Cool thanks for the ****ing help


----------



## Spongy (Jul 8, 2018)

bigbroful said:


> Cool thanks for the ****ing help



You're welcome


----------



## StrangerPins (Jul 8, 2018)

For what it’s worth and that’s probably very little since I’m new on this forum I’ve never had a problem with their Raws or service and I’ve bought a large variety of products. Been a while since last order is this becoming a regular occurrence with PPL?


----------



## Elivo (Jul 8, 2018)

bigbroful said:


> Cool thanks for the ****ing help



Thats what we are here for, glad we could help out. Bye bye


----------



## Spongy (Jul 8, 2018)

StrangerPins said:


> For what it’s worth and that’s probably very little since I’m new on this forum I’ve never had a problem with their Raws or service and I’ve bought a large variety of products. Been a while since last order is this becoming a regular occurrence with PPL?



I've heard this before.  and it seems lately (but for a while now) it's been all bad feedback.  I believe they were selectively scamming for a while


----------



## StrangerPins (Jul 8, 2018)

That’s a pity if true. Decent raws suppliers that understand Aus customs aren’t easy to find.


----------



## KINGIV (Jul 8, 2018)

PillarofBalance said:


> Naps used to be good? Lol!!


lmao! I was thinking the same thing when he said that about Naps. I don't understand why anyone would even buy from a place with that kind of a name. Purplepandalabs, yeah that sounds like a really trustworthy and professional bunch lol On the other hand one source that has been around for a long time, I've even heard some bad things about that site lately.


----------



## Ibuzzed (Jul 12, 2018)

Damn,  got the info for purple panda as a reputable source.  Responsive customer service and fast to take my money.. did two shots of test E one week apart in both legs and had severe pip like it was mixed with crayons.  I read somewhere on this site someone defending them, probly the purple pickle himself.  So i don’t think I’ll be using anymore with a reaction like that but some say certain oils with some people can cause this reaction?  Thoughts?


----------



## Elivo (Jul 12, 2018)

Ibuzzed said:


> Damn,  got the info for purple panda as a reputable source.  Responsive customer service and fast to take my money.. did two shots of test E one week apart in both legs and had severe pip like it was mixed with crayons.  I read somewhere on this site someone defending them, probly the purple pickle himself.  So i don’t think I’ll be using anymore with a reaction like that but some say certain oils with some people can cause this reaction?  Thoughts?

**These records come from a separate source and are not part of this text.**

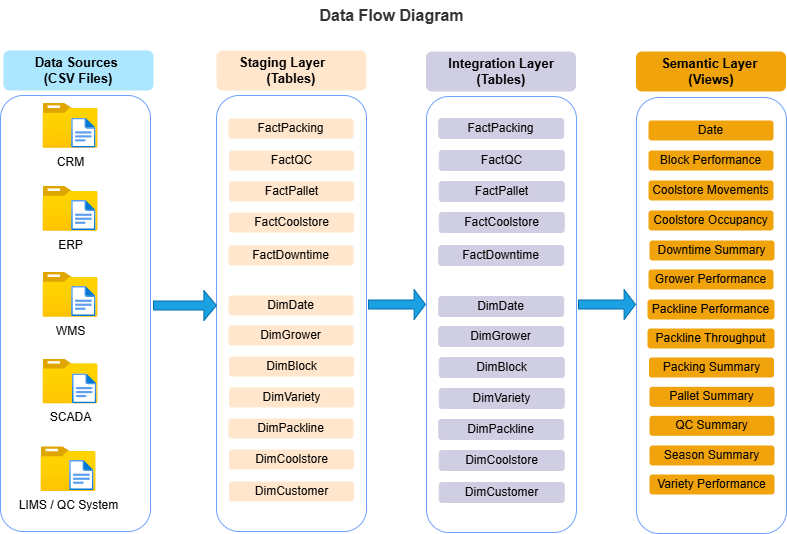

The diagram above was exported from draw.io. Its source (the exported page's mxGraphModel, read from the mxfile embedded in the PNG):
<mxGraphModel dx="874" dy="537" grid="0" gridSize="10" guides="1" tooltips="1" connect="1" arrows="1" fold="1" page="1" pageScale="1" pageWidth="850" pageHeight="1100" math="0" shadow="0">
  <root>
    <mxCell id="0" />
    <mxCell id="1" parent="0" />
    <mxCell id="JKR0RFzf0j_TYIB6AFaD-8" value="" style="rounded=1;whiteSpace=wrap;html=1;fillColor=default;strokeColor=#6CA2FF;" parent="1" vertex="1">
      <mxGeometry x="34" y="111" width="150" height="436" as="geometry" />
    </mxCell>
    <mxCell id="JKR0RFzf0j_TYIB6AFaD-34" value="" style="rounded=1;whiteSpace=wrap;html=1;strokeColor=#6CA2FF;" parent="1" vertex="1">
      <mxGeometry x="460" y="112" width="150" height="436" as="geometry" />
    </mxCell>
    <mxCell id="JKR0RFzf0j_TYIB6AFaD-10" value="" style="rounded=1;whiteSpace=wrap;html=1;strokeColor=#6CA2FF;" parent="1" vertex="1">
      <mxGeometry x="250" y="111" width="150" height="436" as="geometry" />
    </mxCell>
    <mxCell id="JKR0RFzf0j_TYIB6AFaD-9" value="&lt;span style=&quot;font-size: 13px;&quot;&gt;Staging Layer&amp;nbsp; &amp;nbsp; &amp;nbsp; (Tables)&lt;/span&gt;" style="rounded=1;whiteSpace=wrap;html=1;fontStyle=1;fillColor=#ffe6cc;strokeColor=none;" parent="1" vertex="1">
      <mxGeometry x="250" y="66" width="150" height="40" as="geometry" />
    </mxCell>
    <mxCell id="JKR0RFzf0j_TYIB6AFaD-11" value="FactCoolstore" style="rounded=1;whiteSpace=wrap;html=1;fillColor=#ffe6cc;strokeColor=none;" parent="1" vertex="1">
      <mxGeometry x="262.5" y="228" width="125" height="20" as="geometry" />
    </mxCell>
    <mxCell id="JKR0RFzf0j_TYIB6AFaD-12" value="FactDowntime" style="rounded=1;whiteSpace=wrap;html=1;fillColor=#ffe6cc;strokeColor=none;" parent="1" vertex="1">
      <mxGeometry x="262" y="261" width="125" height="20" as="geometry" />
    </mxCell>
    <mxCell id="JKR0RFzf0j_TYIB6AFaD-13" value="FactPacking" style="rounded=1;whiteSpace=wrap;html=1;fillColor=#ffe6cc;strokeColor=none;" parent="1" vertex="1">
      <mxGeometry x="262" y="134" width="125" height="20" as="geometry" />
    </mxCell>
    <mxCell id="JKR0RFzf0j_TYIB6AFaD-14" value="DimDate" style="rounded=1;whiteSpace=wrap;html=1;fillColor=#ffe6cc;strokeColor=none;" parent="1" vertex="1">
      <mxGeometry x="262" y="311" width="125" height="20" as="geometry" />
    </mxCell>
    <mxCell id="JKR0RFzf0j_TYIB6AFaD-15" value="DimGrower" style="rounded=1;whiteSpace=wrap;html=1;fillColor=#ffe6cc;strokeColor=none;" parent="1" vertex="1">
      <mxGeometry x="262" y="341" width="125" height="20" as="geometry" />
    </mxCell>
    <mxCell id="JKR0RFzf0j_TYIB6AFaD-16" value="DimVariety" style="rounded=1;whiteSpace=wrap;html=1;fillColor=#ffe6cc;strokeColor=none;" parent="1" vertex="1">
      <mxGeometry x="262.5" y="403" width="125" height="20" as="geometry" />
    </mxCell>
    <mxCell id="JKR0RFzf0j_TYIB6AFaD-35" value="&lt;span style=&quot;font-size: 13px;&quot;&gt;Integration Layer (Tables)&lt;/span&gt;" style="rounded=1;whiteSpace=wrap;html=1;fontStyle=1;fillColor=#d0cee2;strokeColor=none;" parent="1" vertex="1">
      <mxGeometry x="459.5" y="67" width="150" height="40" as="geometry" />
    </mxCell>
    <mxCell id="JKR0RFzf0j_TYIB6AFaD-49" value="Data Flow Diagram" style="text;html=1;align=center;verticalAlign=middle;whiteSpace=wrap;rounded=0;fontStyle=1;fontSize=16;fontColor=#333333;" parent="1" vertex="1">
      <mxGeometry x="340" y="16" width="170.7" height="30" as="geometry" />
    </mxCell>
    <mxCell id="5pSOI225h9GPtGEtZ-Ku-1" value="" style="rounded=1;whiteSpace=wrap;html=1;strokeColor=#6CA2FF;" parent="1" vertex="1">
      <mxGeometry x="670" y="113" width="150" height="436" as="geometry" />
    </mxCell>
    <mxCell id="5pSOI225h9GPtGEtZ-Ku-2" value="&lt;span style=&quot;font-size: 13px;&quot;&gt;Semantic Layer&amp;nbsp;&lt;/span&gt;&lt;div&gt;&lt;span style=&quot;font-size: 13px;&quot;&gt;(Views)&lt;/span&gt;&lt;/div&gt;" style="rounded=1;whiteSpace=wrap;html=1;fontStyle=1;fillColor=#F0A30A;strokeColor=none;fontColor=#000000;" parent="1" vertex="1">
      <mxGeometry x="669.5" y="67" width="150" height="40" as="geometry" />
    </mxCell>
    <mxCell id="5pSOI225h9GPtGEtZ-Ku-3" value="Date" style="rounded=1;whiteSpace=wrap;html=1;fillColor=#f0a30a;strokeColor=none;fontColor=#000000;" parent="1" vertex="1">
      <mxGeometry x="682" y="136" width="125" height="20" as="geometry" />
    </mxCell>
    <mxCell id="5pSOI225h9GPtGEtZ-Ku-4" value="Block Performance" style="rounded=1;whiteSpace=wrap;html=1;fillColor=#f0a30a;strokeColor=none;fontColor=#000000;" parent="1" vertex="1">
      <mxGeometry x="682" y="166" width="125" height="20" as="geometry" />
    </mxCell>
    <mxCell id="5pSOI225h9GPtGEtZ-Ku-5" value="Coolstore Movements" style="rounded=1;whiteSpace=wrap;html=1;fillColor=#f0a30a;strokeColor=none;fontColor=#000000;" parent="1" vertex="1">
      <mxGeometry x="682" y="196" width="125" height="20" as="geometry" />
    </mxCell>
    <mxCell id="njEZRcfIl-7AK1lFZGm5-3" value="CRM" style="image;aspect=fixed;html=1;points=[];align=center;fontSize=12;image=img/lib/azure2/general/Folder_Blank.svg;" parent="1" vertex="1">
      <mxGeometry x="76.5" y="119" width="55" height="44.64" as="geometry" />
    </mxCell>
    <mxCell id="njEZRcfIl-7AK1lFZGm5-4" value="" style="image;aspect=fixed;html=1;points=[];align=center;fontSize=12;image=img/lib/azure2/general/File.svg;" parent="1" vertex="1">
      <mxGeometry x="105.15" y="133.64" width="24.35" height="30" as="geometry" />
    </mxCell>
    <mxCell id="njEZRcfIl-7AK1lFZGm5-5" value="ERP" style="image;aspect=fixed;html=1;points=[];align=center;fontSize=12;image=img/lib/azure2/general/Folder_Blank.svg;" parent="1" vertex="1">
      <mxGeometry x="76.5" y="202" width="55" height="44.64" as="geometry" />
    </mxCell>
    <mxCell id="njEZRcfIl-7AK1lFZGm5-6" value="" style="image;aspect=fixed;html=1;points=[];align=center;fontSize=12;image=img/lib/azure2/general/File.svg;" parent="1" vertex="1">
      <mxGeometry x="105.15" y="216" width="24.35" height="30" as="geometry" />
    </mxCell>
    <mxCell id="njEZRcfIl-7AK1lFZGm5-7" value="WMS" style="image;aspect=fixed;html=1;points=[];align=center;fontSize=12;image=img/lib/azure2/general/Folder_Blank.svg;" parent="1" vertex="1">
      <mxGeometry x="76.5" y="288" width="55" height="44.64" as="geometry" />
    </mxCell>
    <mxCell id="njEZRcfIl-7AK1lFZGm5-8" value="" style="image;aspect=fixed;html=1;points=[];align=center;fontSize=12;image=img/lib/azure2/general/File.svg;" parent="1" vertex="1">
      <mxGeometry x="105.15" y="302" width="24.35" height="30" as="geometry" />
    </mxCell>
    <mxCell id="njEZRcfIl-7AK1lFZGm5-9" value="SCADA" style="image;aspect=fixed;html=1;points=[];align=center;fontSize=12;image=img/lib/azure2/general/Folder_Blank.svg;" parent="1" vertex="1">
      <mxGeometry x="76.5" y="374.68" width="55" height="44.64" as="geometry" />
    </mxCell>
    <mxCell id="njEZRcfIl-7AK1lFZGm5-10" value="" style="image;aspect=fixed;html=1;points=[];align=center;fontSize=12;image=img/lib/azure2/general/File.svg;" parent="1" vertex="1">
      <mxGeometry x="106" y="389.32" width="24.35" height="30" as="geometry" />
    </mxCell>
    <mxCell id="njEZRcfIl-7AK1lFZGm5-11" value="LIMS / QC System" style="image;aspect=fixed;html=1;points=[];align=center;fontSize=12;image=img/lib/azure2/general/Folder_Blank.svg;" parent="1" vertex="1">
      <mxGeometry x="74.5" y="462.36" width="55" height="44.64" as="geometry" />
    </mxCell>
    <mxCell id="njEZRcfIl-7AK1lFZGm5-12" value="&lt;span style=&quot;font-size: 13px;&quot;&gt;Data Sources&amp;nbsp;&lt;/span&gt;&lt;div&gt;&lt;span style=&quot;font-size: 13px;&quot;&gt;(CSV Files)&lt;/span&gt;&lt;/div&gt;" style="rounded=1;whiteSpace=wrap;html=1;fontStyle=1;fillColor=light-dark(#ACE6FF,#36210A);strokeColor=none;" parent="1" vertex="1">
      <mxGeometry x="37" y="66" width="150" height="40" as="geometry" />
    </mxCell>
    <UserObject label="FactPallet" link="FactPallet" id="njEZRcfIl-7AK1lFZGm5-13">
      <mxCell style="rounded=1;whiteSpace=wrap;html=1;fillColor=#ffe6cc;strokeColor=none;" parent="1" vertex="1">
        <mxGeometry x="262.5" y="197" width="125" height="20" as="geometry" />
      </mxCell>
    </UserObject>
    <UserObject label="FactQC" link="FactQC.csv" id="njEZRcfIl-7AK1lFZGm5-14">
      <mxCell style="rounded=1;whiteSpace=wrap;html=1;fillColor=#ffe6cc;strokeColor=none;" parent="1" vertex="1">
        <mxGeometry x="262.5" y="166" width="125" height="20" as="geometry" />
      </mxCell>
    </UserObject>
    <mxCell id="njEZRcfIl-7AK1lFZGm5-16" value="DimBlock" style="rounded=1;whiteSpace=wrap;html=1;fillColor=#ffe6cc;strokeColor=none;" parent="1" vertex="1">
      <mxGeometry x="262.5" y="372" width="125" height="20" as="geometry" />
    </mxCell>
    <mxCell id="njEZRcfIl-7AK1lFZGm5-17" style="edgeStyle=orthogonalEdgeStyle;rounded=0;orthogonalLoop=1;jettySize=auto;html=1;exitX=0.5;exitY=1;exitDx=0;exitDy=0;" parent="1" source="njEZRcfIl-7AK1lFZGm5-16" target="njEZRcfIl-7AK1lFZGm5-16" edge="1">
      <mxGeometry relative="1" as="geometry" />
    </mxCell>
    <UserObject label="DimPackline" link="DimPackline.csv" id="njEZRcfIl-7AK1lFZGm5-19">
      <mxCell style="rounded=1;whiteSpace=wrap;html=1;fillColor=#ffe6cc;strokeColor=none;" parent="1" vertex="1">
        <mxGeometry x="262" y="434" width="125" height="20" as="geometry" />
      </mxCell>
    </UserObject>
    <UserObject label="DimCoolstore" link="DimPackline.csv" id="njEZRcfIl-7AK1lFZGm5-20">
      <mxCell style="rounded=1;whiteSpace=wrap;html=1;fillColor=#ffe6cc;strokeColor=none;" parent="1" vertex="1">
        <mxGeometry x="262.5" y="465" width="125" height="20" as="geometry" />
      </mxCell>
    </UserObject>
    <UserObject label="DimCustomer" link="DimPackline.csv" id="njEZRcfIl-7AK1lFZGm5-21">
      <mxCell style="rounded=1;whiteSpace=wrap;html=1;fillColor=#ffe6cc;strokeColor=none;" parent="1" vertex="1">
        <mxGeometry x="262.5" y="497" width="125" height="20" as="geometry" />
      </mxCell>
    </UserObject>
    <mxCell id="njEZRcfIl-7AK1lFZGm5-22" value="FactCoolstore" style="rounded=1;whiteSpace=wrap;html=1;fillColor=#D0CEE2;strokeColor=#D0CEE2;" parent="1" vertex="1">
      <mxGeometry x="472.75" y="228" width="125" height="20" as="geometry" />
    </mxCell>
    <mxCell id="njEZRcfIl-7AK1lFZGm5-23" value="FactDowntime" style="rounded=1;whiteSpace=wrap;html=1;fillColor=#D0CEE2;strokeColor=#D0CEE2;" parent="1" vertex="1">
      <mxGeometry x="472.25" y="261" width="125" height="20" as="geometry" />
    </mxCell>
    <mxCell id="njEZRcfIl-7AK1lFZGm5-24" value="FactPacking" style="rounded=1;whiteSpace=wrap;html=1;fillColor=#D0CEE2;strokeColor=#D0CEE2;" parent="1" vertex="1">
      <mxGeometry x="472.25" y="134" width="125" height="20" as="geometry" />
    </mxCell>
    <mxCell id="njEZRcfIl-7AK1lFZGm5-25" value="DimDate" style="rounded=1;whiteSpace=wrap;html=1;fillColor=#D0CEE2;strokeColor=#D0CEE2;" parent="1" vertex="1">
      <mxGeometry x="472.25" y="312" width="125" height="20" as="geometry" />
    </mxCell>
    <mxCell id="njEZRcfIl-7AK1lFZGm5-26" value="DimGrower" style="rounded=1;whiteSpace=wrap;html=1;fillColor=#D0CEE2;strokeColor=#D0CEE2;" parent="1" vertex="1">
      <mxGeometry x="472.25" y="342" width="125" height="20" as="geometry" />
    </mxCell>
    <mxCell id="njEZRcfIl-7AK1lFZGm5-27" value="DimVariety" style="rounded=1;whiteSpace=wrap;html=1;fillColor=#D0CEE2;strokeColor=#D0CEE2;" parent="1" vertex="1">
      <mxGeometry x="472.75" y="404" width="125" height="20" as="geometry" />
    </mxCell>
    <UserObject label="FactPallet" link="FactPallet.csv" id="njEZRcfIl-7AK1lFZGm5-28">
      <mxCell style="rounded=1;whiteSpace=wrap;html=1;fillColor=#D0CEE2;strokeColor=#D0CEE2;" parent="1" vertex="1">
        <mxGeometry x="472.75" y="197" width="125" height="20" as="geometry" />
      </mxCell>
    </UserObject>
    <UserObject label="FactQC" link="FactQC.csv" id="njEZRcfIl-7AK1lFZGm5-29">
      <mxCell style="rounded=1;whiteSpace=wrap;html=1;fillColor=#D0CEE2;strokeColor=#D0CEE2;" parent="1" vertex="1">
        <mxGeometry x="472.75" y="166" width="125" height="20" as="geometry" />
      </mxCell>
    </UserObject>
    <mxCell id="njEZRcfIl-7AK1lFZGm5-30" value="DimBlock" style="rounded=1;whiteSpace=wrap;html=1;fillColor=#D0CEE2;strokeColor=#D0CEE2;" parent="1" vertex="1">
      <mxGeometry x="472.75" y="373" width="125" height="20" as="geometry" />
    </mxCell>
    <UserObject label="DimPackline" link="DimPackline.csv" id="njEZRcfIl-7AK1lFZGm5-31">
      <mxCell style="rounded=1;whiteSpace=wrap;html=1;fillColor=#D0CEE2;strokeColor=#D0CEE2;" parent="1" vertex="1">
        <mxGeometry x="472.25" y="435" width="125" height="20" as="geometry" />
      </mxCell>
    </UserObject>
    <UserObject label="DimCoolstore" link="DimPackline.csv" id="njEZRcfIl-7AK1lFZGm5-32">
      <mxCell style="rounded=1;whiteSpace=wrap;html=1;fillColor=#D0CEE2;strokeColor=#D0CEE2;" parent="1" vertex="1">
        <mxGeometry x="472.75" y="466" width="125" height="20" as="geometry" />
      </mxCell>
    </UserObject>
    <UserObject label="DimCustomer" link="DimPackline.csv" id="njEZRcfIl-7AK1lFZGm5-33">
      <mxCell style="rounded=1;whiteSpace=wrap;html=1;fillColor=#D0CEE2;strokeColor=#D0CEE2;" parent="1" vertex="1">
        <mxGeometry x="472.75" y="498" width="125" height="20" as="geometry" />
      </mxCell>
    </UserObject>
    <mxCell id="njEZRcfIl-7AK1lFZGm5-34" value="Coolstore Occupancy" style="rounded=1;whiteSpace=wrap;html=1;fillColor=#f0a30a;strokeColor=none;fontColor=#000000;" parent="1" vertex="1">
      <mxGeometry x="682" y="226" width="125" height="20" as="geometry" />
    </mxCell>
    <mxCell id="njEZRcfIl-7AK1lFZGm5-35" value="Downtime Summary" style="rounded=1;whiteSpace=wrap;html=1;fillColor=#f0a30a;strokeColor=none;fontColor=#000000;" parent="1" vertex="1">
      <mxGeometry x="683" y="256" width="125" height="20" as="geometry" />
    </mxCell>
    <mxCell id="njEZRcfIl-7AK1lFZGm5-36" value="Grower Performance" style="rounded=1;whiteSpace=wrap;html=1;fillColor=#f0a30a;strokeColor=none;fontColor=#000000;" parent="1" vertex="1">
      <mxGeometry x="682" y="285" width="125" height="20" as="geometry" />
    </mxCell>
    <mxCell id="njEZRcfIl-7AK1lFZGm5-37" value="Packline Performance" style="rounded=1;whiteSpace=wrap;html=1;fillColor=#f0a30a;strokeColor=none;fontColor=#000000;" parent="1" vertex="1">
      <mxGeometry x="681" y="315" width="127" height="20" as="geometry" />
    </mxCell>
    <mxCell id="njEZRcfIl-7AK1lFZGm5-38" value="Packing Summary" style="rounded=1;whiteSpace=wrap;html=1;fillColor=#f0a30a;strokeColor=none;fontColor=#000000;" parent="1" vertex="1">
      <mxGeometry x="682.5" y="373" width="125" height="20" as="geometry" />
    </mxCell>
    <mxCell id="njEZRcfIl-7AK1lFZGm5-39" value="Pallet Summary" style="rounded=1;whiteSpace=wrap;html=1;fillColor=#f0a30a;strokeColor=none;fontColor=#000000;" parent="1" vertex="1">
      <mxGeometry x="683" y="402.32" width="125" height="20" as="geometry" />
    </mxCell>
    <mxCell id="njEZRcfIl-7AK1lFZGm5-40" value="QC Summary" style="rounded=1;whiteSpace=wrap;html=1;fillColor=#f0a30a;strokeColor=none;fontColor=#000000;" parent="1" vertex="1">
      <mxGeometry x="683" y="431.32" width="125" height="20" as="geometry" />
    </mxCell>
    <mxCell id="njEZRcfIl-7AK1lFZGm5-41" value="Season Summary" style="rounded=1;whiteSpace=wrap;html=1;fillColor=#f0a30a;strokeColor=none;fontColor=#000000;" parent="1" vertex="1">
      <mxGeometry x="683" y="461" width="125" height="20" as="geometry" />
    </mxCell>
    <mxCell id="njEZRcfIl-7AK1lFZGm5-42" value="Variety Performance" style="rounded=1;whiteSpace=wrap;html=1;fillColor=#f0a30a;strokeColor=none;fontColor=#000000;" parent="1" vertex="1">
      <mxGeometry x="683" y="490" width="125" height="20" as="geometry" />
    </mxCell>
    <mxCell id="njEZRcfIl-7AK1lFZGm5-45" value="Packline&amp;nbsp;Throughput" style="rounded=1;whiteSpace=wrap;html=1;fillColor=#f0a30a;strokeColor=none;fontColor=#000000;" parent="1" vertex="1">
      <mxGeometry x="681" y="344" width="127" height="20" as="geometry" />
    </mxCell>
    <mxCell id="njEZRcfIl-7AK1lFZGm5-47" value="" style="image;aspect=fixed;html=1;points=[];align=center;fontSize=12;image=img/lib/azure2/general/File.svg;" parent="1" vertex="1">
      <mxGeometry x="103.15" y="476" width="24.35" height="30" as="geometry" />
    </mxCell>
    <mxCell id="njEZRcfIl-7AK1lFZGm5-50" value="" style="shape=singleArrow;whiteSpace=wrap;html=1;fillColor=#1ba1e2;fontColor=#ffffff;strokeColor=#006EAF;" parent="1" vertex="1">
      <mxGeometry x="187" y="306" width="63" height="30" as="geometry" />
    </mxCell>
    <mxCell id="njEZRcfIl-7AK1lFZGm5-53" value="" style="shape=singleArrow;whiteSpace=wrap;html=1;fillColor=#1ba1e2;fontColor=#ffffff;strokeColor=#006EAF;" parent="1" vertex="1">
      <mxGeometry x="402" y="305" width="57" height="30" as="geometry" />
    </mxCell>
    <mxCell id="njEZRcfIl-7AK1lFZGm5-55" value="" style="shape=singleArrow;whiteSpace=wrap;html=1;fillColor=#1ba1e2;fontColor=#ffffff;strokeColor=#006EAF;" parent="1" vertex="1">
      <mxGeometry x="612" y="305" width="57" height="30" as="geometry" />
    </mxCell>
  </root>
</mxGraphModel>

In no way commenting on the quality of the gear you bought, but pretty sure test e can take a bit of getting used to. I think it’s a bit tougher on a person at first than test c.


----------



## Jin (Jul 12, 2018)

Elivo said:


> In no way commenting on the quality of the gear you bought, but pretty sure test e can take a bit of getting used to. I think it’s a bit tougher on a person at first than test c.



Is this from experience? 

Im not sure why you would notice a difference as the ester lengths are comparable.


----------



## Elivo (Jul 12, 2018)

Jin said:


> Is this from experience?
> 
> Im not sure why you would notice a difference as the ester lengths are comparable.



No Jin it’s not, something I remember seeing in all the reading up I’ve been doing, I’ve wondered myself why one would be diff from the other unless the test e is normally mixed in a different oil?


----------



## Jin (Jul 12, 2018)

Elivo said:


> No Jin it’s not, something I remember seeing in all the reading up I’ve been doing, I’ve wondered myself why one would be diff from the other unless the test e is normally mixed in a different oil?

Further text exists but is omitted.